If you don't already have a regular maintenance schedule, create one. It's also helpful to keep a repair log, and note any potential maintenance issues. Assign the task to an employee who is familiar with your greenhouse and can manage pre-season or multi-annual inspections. The effort could extend the life of your expensive machinery and likely strengthen your business's bottom line.

Here's my recommended checklist to get you started.

Paneling and glazing

A variety of greenhouse coverings exist, so be sure your maintenance plan suits your materials. Also, different glazing types—including glass, poly film, and polycarbonate—require different maintenance plans. Adjust accordingly.

  • Do a visual inspection. Look for areas where you'll need to repair tearing, or broken or slipped glass. Make note of any cracked or missing sheets of polycarbonate. Check for loose screws and attachment extrusions.

  • Check the clips. Ensure all the clips hold the glazing panels in place. You can secure loose glazing clips in place with silicone sealant to provide extra strength against strong winds.

  • Check bar caps. Regularly test your bar caps for tightness if you're using glass panes.

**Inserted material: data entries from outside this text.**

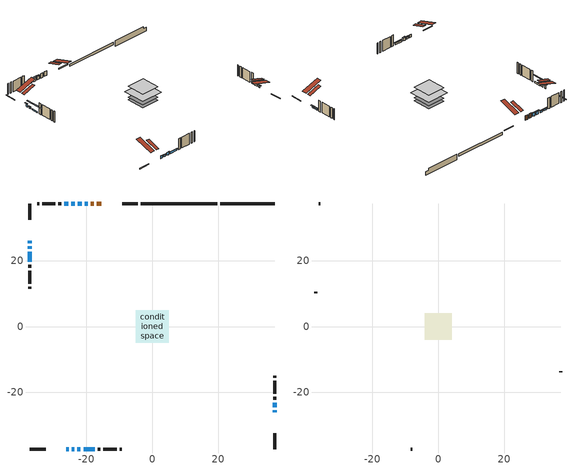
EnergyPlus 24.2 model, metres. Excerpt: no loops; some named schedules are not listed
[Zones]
conditioned space
 floor outside (Floor1 construction): -1.08,-1.08 -1.08,1.08 1.08,1.08 1.08,-1.08 z0.61
 floor adiabatic (Floor3 construction): -4,-4 -4,4 4,4 4,-4 z0.61
 floor adiabatic (AdiabaticFloorConstruction): -4.99,-4.99 -4.99,4.99 4.99,4.99 4.99,-4.99 z3.05
 floor foundation (Slab1 construction): -2.73,-2.73 -2.73,2.73 2.73,2.73 2.73,-2.73 z-1.68
 floor foundation (Slab2 construction): -4,-4 -4,4 4,4 4,-4 z-0.65
 wall outside (RimJoist1 construction): -4.35,37.13 -9.15,37.13 / -37.13,-37.13 -32.33,-37.13 / -37.13,37.13 -37.13,32.33 / 37.13,-37.13 37.13,-32.33 z0.61:0.91
 wall outside (AdiabaticWallConstruction 1): -15.47,37.13 -16.81,37.13 / -17.74,37.13 -18.63,37.13 z0.61:2.64
 wall outside (AdiabaticWallConstruction): -26.02,-37.13 -25.29,-37.13 z0.61:1.83; -24.37,-37.13 -23.6,-37.13 / -37.13,24.28 -37.13,23.51 / 37.13,-26.02 37.13,-25.4 z0.61:1.43; -22.68,-37.13 -21.76,-37.13 z0.61:1.78; -20.83,-37.13 -17.47,-37.13 / -23.5,37.13 -24.52,37.13 / -25.44,37.13 -26.67,37.13 z0.61:1.37; -37.13,26.02 -37.13,25.2 / -19.56,37.13 -20.48,37.13 / -21.4,37.13 -22.57,37.13 z0.61:2.08; -37.13,22.59 -37.13,19.64 z0.61:1.12; 37.13,-24.48 37.13,-23.1 z0.61:1.47
 wall outside (Wall1 construction): -27.59,37.13 -28.42,37.13 / -16.54,-37.13 -15.71,-37.13 / -37.13,18.71 -37.13,17.88 / 37.13,-22.18 37.13,-21.35 z0.61:5.49
 wall outside (Wall2 construction): -29.35,37.13 -33.34,37.13 / -14.79,-37.13 -10.79,-37.13 / -37.13,16.95 -37.13,12.96 / 37.13,-20.42 37.13,-16.43 z0.61:5.49
 wall outside (Wall3 construction): -34.27,37.13 -34.91,37.13 / -9.86,-37.13 -9.23,-37.13 / -37.13,12.03 -37.13,11.4 / 37.13,-15.5 37.13,-14.86 z0.61:5.49
 wall foundation (FoundationWall1 construction): 20.67,37.13,-1.68 20.67,37.13,0.61 35.48,37.13,0.61 35.48,37.13,-0.3 37.13,37.13,-0.3 37.13,37.13,-1.68
 wall foundation (FoundationWall2 construction): 19.74,37.13 -3.43,37.13 z-0.65:0.42
 window (WindowConstruction 11): -26.01,-37.13 -25.29,-37.13 z0.61:1.83
 window (WindowConstruction 6): -24.36,-37.13 -23.6,-37.13 z0.61:1.42
 window (WindowConstruction 7): -22.67,-37.13 -21.76,-37.13 z0.61:1.78
 window (WindowConstruction 8): -20.83,-37.13 -17.47,-37.13 z0.61:1.37
 window (WindowConstruction 9): -37.13,26.01 -37.13,25.2 z0.61:2.08
 window (WindowConstruction 10): -37.13,24.28 -37.13,23.51 z0.61:1.42
 window (WindowConstruction 12): -37.13,22.58 -37.13,19.64 z0.61:1.12
 window (WindowConstruction): 37.13,-26.01 37.13,-25.4 z0.61:1.42
 window (WindowConstruction 1): 37.13,-24.48 37.13,-23.1 z0.61:1.47
 window (WindowConstruction 2): -19.56,37.13 -20.47,37.13 z0.61:2.08
 window (WindowConstruction 3): -21.4,37.13 -22.57,37.13 z0.61:2.08
 window (WindowConstruction 4): -23.5,37.13 -24.52,37.13 z0.61:1.37
 window (WindowConstruction 5): -25.45,37.13 -26.67,37.13 z0.61:1.37
 door (Door): -15.47,37.13 -16.81,37.13 z0.61:2.64
 door (Door 1): -17.74,37.13 -18.63,37.13 z0.61:2.64
 ceiling adiabatic (AdiabaticFloorConstruction): 4.99,-4.99 4.99,4.99 -4.99,4.99 -4.99,-4.99 z3.05
 roof outside (Roof2 construction): -14.54,37.13,5.49 -14.54,31.62,7.32 -13.09,31.62,7.32 -13.09,37.13,5.49; -26.94,-37.13,5.49 -26.94,-31.62,7.32 -28.4,-31.62,7.32 -28.4,-37.13,5.49; -37.13,26.94,5.49 -31.62,26.94,7.32 -31.62,28.4,7.32 -37.13,28.4,5.49; 37.13,-26.94,5.49 31.62,-26.94,7.32 31.62,-28.4,7.32 37.13,-28.4,5.49
attic - vented
 floor to conditioned space (Floor2 construction Reversed): -4.04,-4.04 -4.04,4.04 4.04,4.04 4.04,-4.04 z5.49
 wall outside (Wall5 construction): -35.83,37.13 -36.2,37.13 / -8.3,-37.13 -7.94,-37.13 / -37.13,10.47 -37.13,10.11 / 37.13,-13.94 37.13,-13.57 z0.61:5.49
 roof outside (Roof1 construction): -12.16,37.13,5.49 -12.16,29.26,8.11 -10.08,29.26,8.11 -10.08,37.13,5.49; -29.32,-37.13,5.49 -29.32,-29.26,8.11 -31.4,-29.26,8.11 -31.4,-37.13,5.49; -37.13,29.32,5.49 -29.26,29.32,8.11 -29.26,31.4,8.11 -37.13,31.4,5.49; 37.13,-29.32,5.49 29.26,-29.32,8.11 29.26,-31.4,8.11 37.13,-31.4,5.49
shading: -23.4,-37.13 -24.57,-37.13 -24.57,-37.54 -23.4,-37.54 z1.62; -21.56,-37.13 -22.88,-37.13 -22.88,-37.54 -21.56,-37.54 z1.98; -17.27,-37.13 -21.03,-37.13 -21.03,-37.54 -17.27,-37.54 z1.57; -37.13,25 -37.13,26.22 -37.54,26.22 -37.54,25 z2.28; -37.13,23.31 -37.13,24.48 -37.54,24.48 -37.54,23.31 z1.62; -37.13,17 -37.13,25.22 -37.54,25.22 -37.54,17 z3.76; 37.13,-25.2 37.13,-26.22 37.54,-26.22 37.54,-25.2 z1.62; 37.13,-22.9 37.13,-24.68 37.54,-24.68 37.54,-22.9 z1.67; -20.68,37.13 -19.36,37.13 -19.36,37.54 -20.68,37.54 z2.28; -22.77,37.13 -21.2,37.13 -21.2,37.54 -22.77,37.54 z2.28; -24.72,37.13 -23.3,37.13 -23.3,37.54 -24.72,37.54 z1.57; -26.87,37.13 -25.25,37.13 -25.25,37.54 -26.87,37.54 z1.57
[Building]
Building 1: Terrain=Suburbs
[Site:Location]
Edmonton Intl AP_AB: Latitude {deg}=53.31; Longitude {deg}=-113.58; Time Zone {hr}=-7; Elevation {m}=723; Keep Site Location Information=Yes
[Site:GroundTemperature:Shallow]
-1.56185, -3.61833, -3.78302, -2.80711, 1.11059, 5.01004, 8.39065, 10.5322, 10.7141, 8.97234, 5.67794, 1.89811
[Site:WaterMainsTemperature]
Calculation Method=Schedule; Temperature Schedule=mains temperature schedule
[Material] Roughness=Rough; Thermal Absorptance=0.9
Name | Thickness {m} | Conductivity {W/m-K} | Density {kg/m3} | Specific Heat {J/kg-K} | Solar Absorptance | Visible Absorptance
asphalt or fiberglass shingles | 0.00635 | 0.162714 | 1121.4 | 1465.45 | 0.4 | 0.4
ceiling loosefill ins | 0.169333 | 0.0480833 | 16.02 | 1046.75 | 0.7 | 0.7
ceiling stud and cavity | 0.1397 | 0.0937792 | 65.682 | 1177.47 | 0.7 | 0.7
concrete 4.0 in. | 0.1016 | 1.803125 | 2242.8 | 837.4 | 0.7 | 0.7
concrete 8.0 in. | 0.2032 | 1.803125 | 2242.8 | 837.4 | 0.7 | 0.7
door material | 0.04445 | 0.053851 | 512.64 | 1214.23 | 0.7 | 0.7
exterior vertical ins | 0.0477883 | 0.029427 | 32.04 | 1214.23 | 0.7 | 0.7
exterior vertical ins 1 | 0.0573087 | 0.029427 | 32.04 | 1214.23 | 0.7 | 0.7
floor covering | 0.0127 | 0.0433444 | 54.468 | 1339.84 | 0.6 | 0.6
floor covering 1 | 0.0127 | 9.015625 | 54.468 | 1339.84 | 0.6 | 0.6
floor rigid ins; roof rigid ins; wall rigid ins | 0.051816 | 0.029427 | 32.04 | 1214.23 | 0.7 | 0.7
floor rigid ins 1; wall rigid ins 1 | 0.512978 | 0.029427 | 32.04 | 1214.23 | 0.7 | 0.7
floor stud and cavity | 0.1397 | 0.0967298 | 92.3553 | 1139.71 | 0.7 | 0.7
floor stud and cavity 1 | 0.0889 | 0.220277 | 50.32683 | 1063.81 | 0.7 | 0.7
floor stud and cavity 2 | 0.1397 | 1.75129 | 37.0049 | 1207.88 | 0.7 | 0.7
furniture material conditioned space 1 | 0.1524 | 0.115458 | 640.8 | 1214.23 | 0.6 | 0.6
gypsum board | 0.0127 | 0.160291 | 801 | 837.4 | 0.6 | 0.6
gypsum board 1 | 0.0127 | 0.160291 | 801 | 837.4 | 0.7 | 0.7
osb sheathing 0.5 in. | 0.0127 | 0.115458 | 512.64 | 1214.23 | 0.7 | 0.7
osb sheathing 0.75 in. | 0.01905 | 0.115458 | 512.64 | 1214.23 | 0.7 | 0.7
osb sheathing 2.0 in. | 0.0508 | 0.115458 | 512.64 | 1214.23 | 0.7 | 0.7
rim joist stud and cavity | 0.0508 | 0.0296939 | 125.044 | 1163.47 | 0.6 | 0.6
roof stud and cavity | 0.2032 | 0.14375 | 78.34581 | 1123.46 | 0.7 | 0.7
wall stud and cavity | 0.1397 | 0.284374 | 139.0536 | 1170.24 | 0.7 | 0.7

  • Wash panels. Wash polycarbonate and acrylic panels with a mild detergent and lukewarm water using a soft sponge to remove dirt, smog, and debris. Once clean, test and measure the level of lighting.

  • Address spray-on shading. If you apply shading in the summer, wash it off in the fall. You can remove spray-on shading with a cleaning compound or a commercial shade remover. Spray on the cleaner, let it stand for a few minutes, then thoroughly flush with clean water.

  • Examine your poly cover. Repair small holes or tears with polyethylene tape. If your poly has stretched or loosened, you can tighten it by removing the lock strip inserts and pulling the plastic taut. Plan to replace plastic that's older than four years. Don't forget to clean and inspect the inflation blower. Set inflation pressure so it's about the same as an inflated balloon.

  • Minimize heat escape. For an older glass greenhouse with broken or slipped glass, cover it with a layer of film poly to reduce heat loss. For loose poly covering, an air-inflated poly tube located halfway between the ridge and eave will keep the plastic rigid and help shed snow.


Different frame materials require slightly different checklists. However, daily wear and tear—and severe weather like hail, snow, or wind—can weaken any greenhouse frame. Include these tasks in your maintenance worksheet:

  • Paint or scrub. For wood frames, if you need to paint or stain, save it for summer. For aluminum frames, address any signs of corrosion or wear and tear.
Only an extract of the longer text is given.